Allah SWT berfirman :
وَمَنْ يَّبْتَغِ غَيْرَ الْاِسْلَامِ دِيْنًا فَلَنْ يُّقْبَلَ مِنْهُۚ وَهُوَ فِى الْاٰخِرَةِ مِنَ الْخٰسِرِيْنَ
“Barang siapa mencari din (agama dan sistem hidup) selain Islam, maka sekali-kali tidaklah akan diterima apa pun darinya dan dia di akhirat termasuk orang-orang yang rugi.” (QS Ali Imran: 85)
Rasulullah saw. bersabda: “Barang siapa yang mengada-ada dalam urusan agama kami ini yang tidak ada dasar darinya, maka itu tertolak.” (HR Bukhari dan Muslim)
Secara faktual, budaya hanya meredam konflik bersifat sementara yang sewaktu-waktu bisa meletus kembali, dan negara berlepas tangan karena penyelesaian masalah diserahkan pada masyarakat seperti kasus di Ambon tahun 1999 yang lalu. Sementara jika konflik itu muncul dari pengusaha atau pemerintah, seperti perebutan lahan misalnya, maka budaya (kearifan lokal) tidak berlaku.

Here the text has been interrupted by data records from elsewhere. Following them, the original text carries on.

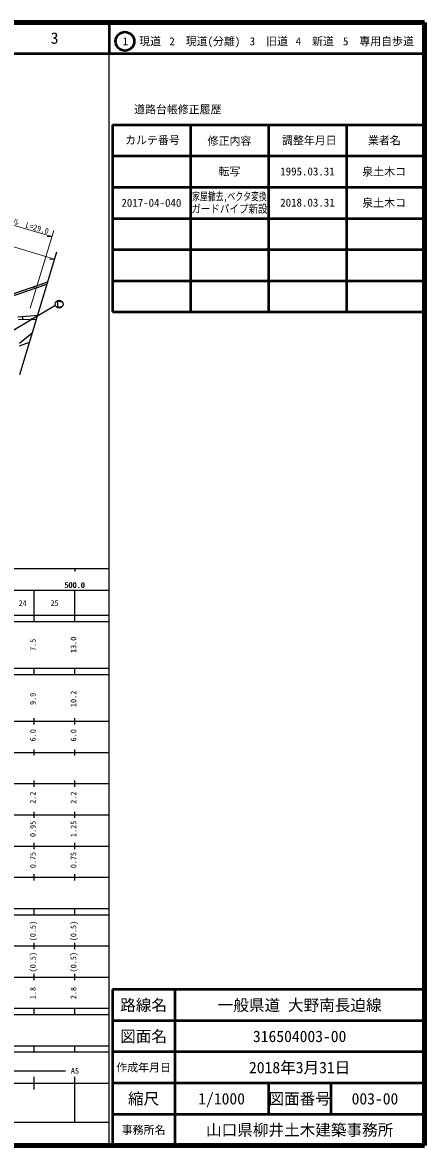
# Model space of a CAD drawing. Units: millimetres, scale not verified. Extents: x 40000 to 680000, y 20000 to 380000.
# Drawn here: x 551204 to 680000, y 20000 to 380000 of the extents above; entities that cross this region are included whole.
import ezdxf
from ezdxf.enums import TextEntityAlignment as Align

# ---------------------------------------------------------------- set-up
doc = ezdxf.new("R2010")
doc.units = ezdxf.units.MM
doc.header["$LTSCALE"] = 1000
for name, color, linetype, lineweight in [('M-BGD', 7, 'Continuous', 25), ('M-BGD-EXST', 7, 'Continuous', 25), ('M-BMK-OTRS', 5, 'Continuous', 25), ('M-STR-HTXT', 7, 'Continuous', 13), ('M-TTL', 2, 'Continuous', 140), ('M-TTL-BAND', 7, 'Continuous', 25), ('M-TTL-FRAM', 2, 'Continuous', 50), ('M-TTL-LINE', 7, 'Continuous', 50)]:
    doc.layers.add(name, color=color, linetype=linetype, lineweight=lineweight)
doc.layers.add('M-TTL-TXT', color=7, linetype='Continuous')
doc.styles.add('ＭＳ ゴシック', font='')
doc.styles.get('ＭＳ ゴシック').set_extended_font_data('MS Gothic')

msp = doc.modelspace()

# ---------------------------------------------------------------- linework, layer by layer
at = {"layer": 'M-BGD'}
for p, q in [((537562, 288798), (559034, 296096)), ((544449, 291763), (559278, 296907)), ((555008, 294728), (554795, 295352)), ((557692, 295640), (557626, 295833)), ((552324, 293816), (552262, 293998)), ((549768, 285611), (556384, 286209)), ((549900, 284737), (555671, 284931)), ((551342, 284786), (551312, 285677)), ((554228, 284883), (554217, 285211)), ((550255, 276370), (553451, 277561)), ((554316, 280433), (550304, 277106))]:
    msp.add_line(p, q, dxfattribs=at)
at = {"layer": 'M-BGD-EXST'}
for p, q in [((542746, 278137), (561592, 289291)), ((562542, 290436), (562392, 290236)), ((562392, 290236), (562392, 289136)), ((562392, 289136), (562542, 288936)), ((562742, 290586), (562542, 290436)), ((562542, 288936), (562742, 288786)), ((563192, 290586), (562742, 290586)), ((562742, 288786), (563192, 288786)), ((563392, 290436), (563192, 290586)), ((563192, 288786), (563392, 288886)), ((563492, 290286), (563392, 290436)), ((563392, 288886), (563492, 289036))]:
    msp.add_line(p, q, dxfattribs=at)
msp.add_circle((562942, 289686), 1250, dxfattribs=at)
at = {"layer": 'M-BMK-OTRS'}
msp.add_line((562115, 306326), (550270, 267001), dxfattribs=at)
at = {"layer": 'M-STR-HTXT'}
for p, q in [((529759, 320303), (560636, 311371)), ((524551, 315314), (561445, 304104)), ((553647, 288370), (561220, 313294)), ((560636, 311371), (559078, 311384)), ((561445, 304104), (559888, 304139))]:
    msp.add_line(p, q, dxfattribs=at)
at = {"layer": 'M-TTL'}
for p, q in [((680000, 380000), (40000, 380000)), ((680000, 20000), (680000, 380000)), ((40000, 20000), (680000, 20000))]:
    msp.add_line(p, q, dxfattribs=at)
at = {"layer": 'M-TTL-BAND'}
for p, q in [((579000, 20000), (579000, 370000)), ((40000, 205000), (579000, 205000)), ((568000, 205000), (568000, 204000)), ((68000, 198000), (579000, 198000)), ((555000, 188000), (555000, 198000)), ((568000, 188000), (568000, 198000)), ((40000, 190000), (579000, 190000)), ((40000, 188000), (579000, 188000)), ((40000, 173000), (579000, 173000)), ((555000, 171000), (555000, 173000)), ((568000, 171000), (568000, 173000)), ((40000, 171000), (579000, 171000)), ((40000, 156000), (579000, 156000)), ((555000, 155000), (555000, 157000)), ((568000, 155000), (568000, 157000)), ((46000, 146000), (579000, 146000)), ((555000, 145000), (555000, 147000)), ((568000, 145000), (568000, 147000)), ((555000, 135000), (555000, 137000)), ((568000, 135000), (568000, 137000)), ((52000, 136000), (579000, 136000)), ((46000, 126000), (579000, 126000)), ((555000, 125000), (555000, 127000)), ((568000, 125000), (568000, 127000)), ((52000, 116000), (579000, 116000)), ((555000, 115000), (555000, 117000)), ((568000, 115000), (568000, 117000)), ((46000, 106000), (579000, 106000)), ((555000, 105000), (555000, 107000)), ((568000, 105000), (568000, 107000)), ((40000, 96000), (579000, 96000)), ((40000, 94000), (579000, 94000)), ((555000, 94000), (555000, 96000)), ((568000, 94000), (568000, 96000)), ((49000, 84000), (579000, 84000)), ((555000, 83000), (555000, 85000)), ((568000, 83000), (568000, 85000)), ((40000, 74000), (579000, 74000)), ((555000, 73000), (555000, 75000)), ((568000, 73000), (568000, 75000)), ((40000, 64000), (579000, 64000)), ((40000, 62000), (579000, 62000)), ((555000, 62000), (555000, 64000)), ((568000, 62000), (568000, 64000)), ((40000, 52000), (579000, 52000)), ((555000, 50000), (555000, 52000)), ((568000, 50000), (568000, 52000)), ((40000, 50000), (579000, 50000)), ((71000, 44000), (565000, 44000)), ((40000, 40000), (579000, 40000)), ((555000, 38000), (555000, 42000)), ((568000, 27500), (568000, 42000)), ((68000, 27500), (579000, 27500))]:
    msp.add_line(p, q, dxfattribs=at)
at = {"layer": 'M-TTL-FRAM'}
for p, q in [((580000, 347197), (580000, 287197)), ((580000, 347197), (680000, 347197)), ((580000, 287197), (680000, 287197)), ((680000, 70000), (580000, 70000)), ((580000, 70000), (580000, 20000))]:
    msp.add_line(p, q, dxfattribs=at)
at = {"layer": 'M-TTL-LINE'}
for p, q in [((579000, 380000), (579000, 370000)), ((40000, 370000), (680000, 370000)), ((605000, 347197), (605000, 287197)), ((630000, 347197), (630000, 287197)), ((655000, 347197), (655000, 287197)), ((580000, 337197), (680000, 337197)), ((580000, 327197), (680000, 327197)), ((580000, 317197), (680000, 317197)), ((580000, 307197), (680000, 307197)), ((580000, 297197), (680000, 297197)), ((600000, 70000), (600000, 20000)), ((680000, 60000), (580000, 60000)), ((680000, 50000), (580000, 50000)), ((680000, 40000), (580000, 40000)), ((630000, 40000), (630000, 30000)), ((650000, 40000), (650000, 30000)), ((680000, 30000), (580000, 30000))]:
    msp.add_line(p, q, dxfattribs=at)
msp.add_circle((584031, 373958), 3000, dxfattribs=at)

# ---------------------------------------------------------------- texts
at = {"layer": 'M-STR-HTXT', "style": 'ＭＳ ゴシック', "width": 0.85}
msp.add_text('ガードレール\u3000L=29.0', height=1833, rotation=343.5, dxfattribs=at).set_placement((537202, 318095), align=Align.BOTTOM_LEFT)
at = {"layer": 'M-TTL-BAND', "style": 'ＭＳ ゴシック'}
for s, p in [('500.0', (567844, 198195)), ('500.0', (568000, 198195)), ('24', (551250, 192405)), ('25', (561500, 192405)), ('AS', (568000, 42500))]:
    msp.add_text(s, height=1833, dxfattribs=at).set_placement(p, align=Align.BOTTOM_CENTER)
for s, p in [('7.5', (556000, 180500)), ('13.0', (569000, 180500)), ('9.9', (556000, 163174)), ('10.2', (569000, 163174)), ('6.0', (556000, 151500)), ('6.0', (569000, 151500)), ('2.2', (556000, 131500)), ('2.2', (569000, 131500)), ('0.95', (556000, 121500)), ('1.25', (569000, 121500)), ('0.75', (556000, 111500)), ('0.75', (569000, 111500)), ('(0.5)', (556000, 88764)), ('(0.5)', (569000, 88764)), ('(0.5)', (556000, 78764)), ('(0.5)', (569000, 78764)), ('1.8', (556000, 68873)), ('2.8', (569000, 68873))]:
    msp.add_text(s, height=1833, rotation=90, dxfattribs=at).set_placement(p, align=Align.BOTTOM_CENTER)
at = {"layer": 'M-TTL-TXT', "style": 'ＭＳ ゴシック'}
for s, height, p in [('3', 3666, (561497, 375000)), ('1\u3000現道', 2566, (589448, 373958)), ('2\u3000現道(分離)', 2566, (609619, 373958)), ('3\u3000旧道', 2566, (630121, 373958)), ('4\u3000新道', 2566, (644824, 373958)), ('5\u3000専用自歩道', 2566, (665228, 373958)), ('道路台帳修正履歴', 2566, (600968, 352113)), ('カルテ番号', 2566, (592839, 342277)), ('修正内容', 2566, (617509, 342023)), ('調整年月日', 2566, (643089, 342197)), ('業者名', 2566, (667134, 342197)), ('転写', 2566, (617500, 332245)), ('1995.03.31', 2566, (642500, 332245)), ('泉土木コ', 2566, (667077, 332189)), ('2017-04-040', 2566, (592500, 322189)), ('2018.03.31', 2566, (642500, 322245)), ('泉土木コ', 2566, (667077, 322189)), ('路線名', 3666, (590000, 65000)), ('路線名', 3666, (590000, 65000)), ('一般県道 大野南長迫線', 3666, (640000, 65000)), ('図面名', 3666, (590000, 55000)), ('図面名', 3666, (590000, 55000)), ('316504003-00', 3666, (640000, 55000)), ('2018年3月31日', 3666, (640000, 45000)), ('作成年月日', 2566, (590000, 45000)), ('作成年月日', 2566, (590000, 45000)), ('縮尺', 3666, (590000, 35000)), ('縮尺', 3666, (590000, 35000)), ('1/1000', 3666, (615000, 35000)), ('図面番号', 3666, (640000, 35000)), ('図面番号', 3666, (640000, 35000)), ('003-00', 3666, (664125, 35000)), ('事務所名', 2566, (590000, 25000)), ('事務所名', 2566, (590000, 25000)), ('山口県柳井土木建築事務所', 3666, (640000, 25000))]:
    msp.add_text(s, height=height, dxfattribs=at).set_placement(p, align=Align.MIDDLE_CENTER)
for s, width, p in [('家屋撤去,ベクタ変換', 0.7, (617500, 324245)), ('ガードパイプ新設', 0.85, (617500, 320245))]:
    msp.add_text(s, height=2566, dxfattribs=dict(at, width=width)).set_placement(p, align=Align.MIDDLE_CENTER)

doc.saveas('drawing.dxf')

Dengan demikian Moderasi Beragama bukan cara pandang yang benar dalam beragama, karena dalam beragama harus bersandar pada nash-nash syar’i (Al-Qur’an dan hadis) bukan adat istiadat. Dan tidak benar (tidak tepat) menjadikan adat/ budaya sebagai solusi problem (konflik) masyarakat, karena setiap problem/ konflik penyelesaiannya harus dikembalikan pada masyarakat dan negara wajib hadir untuk menyelesaikan sesuai syariat Islam.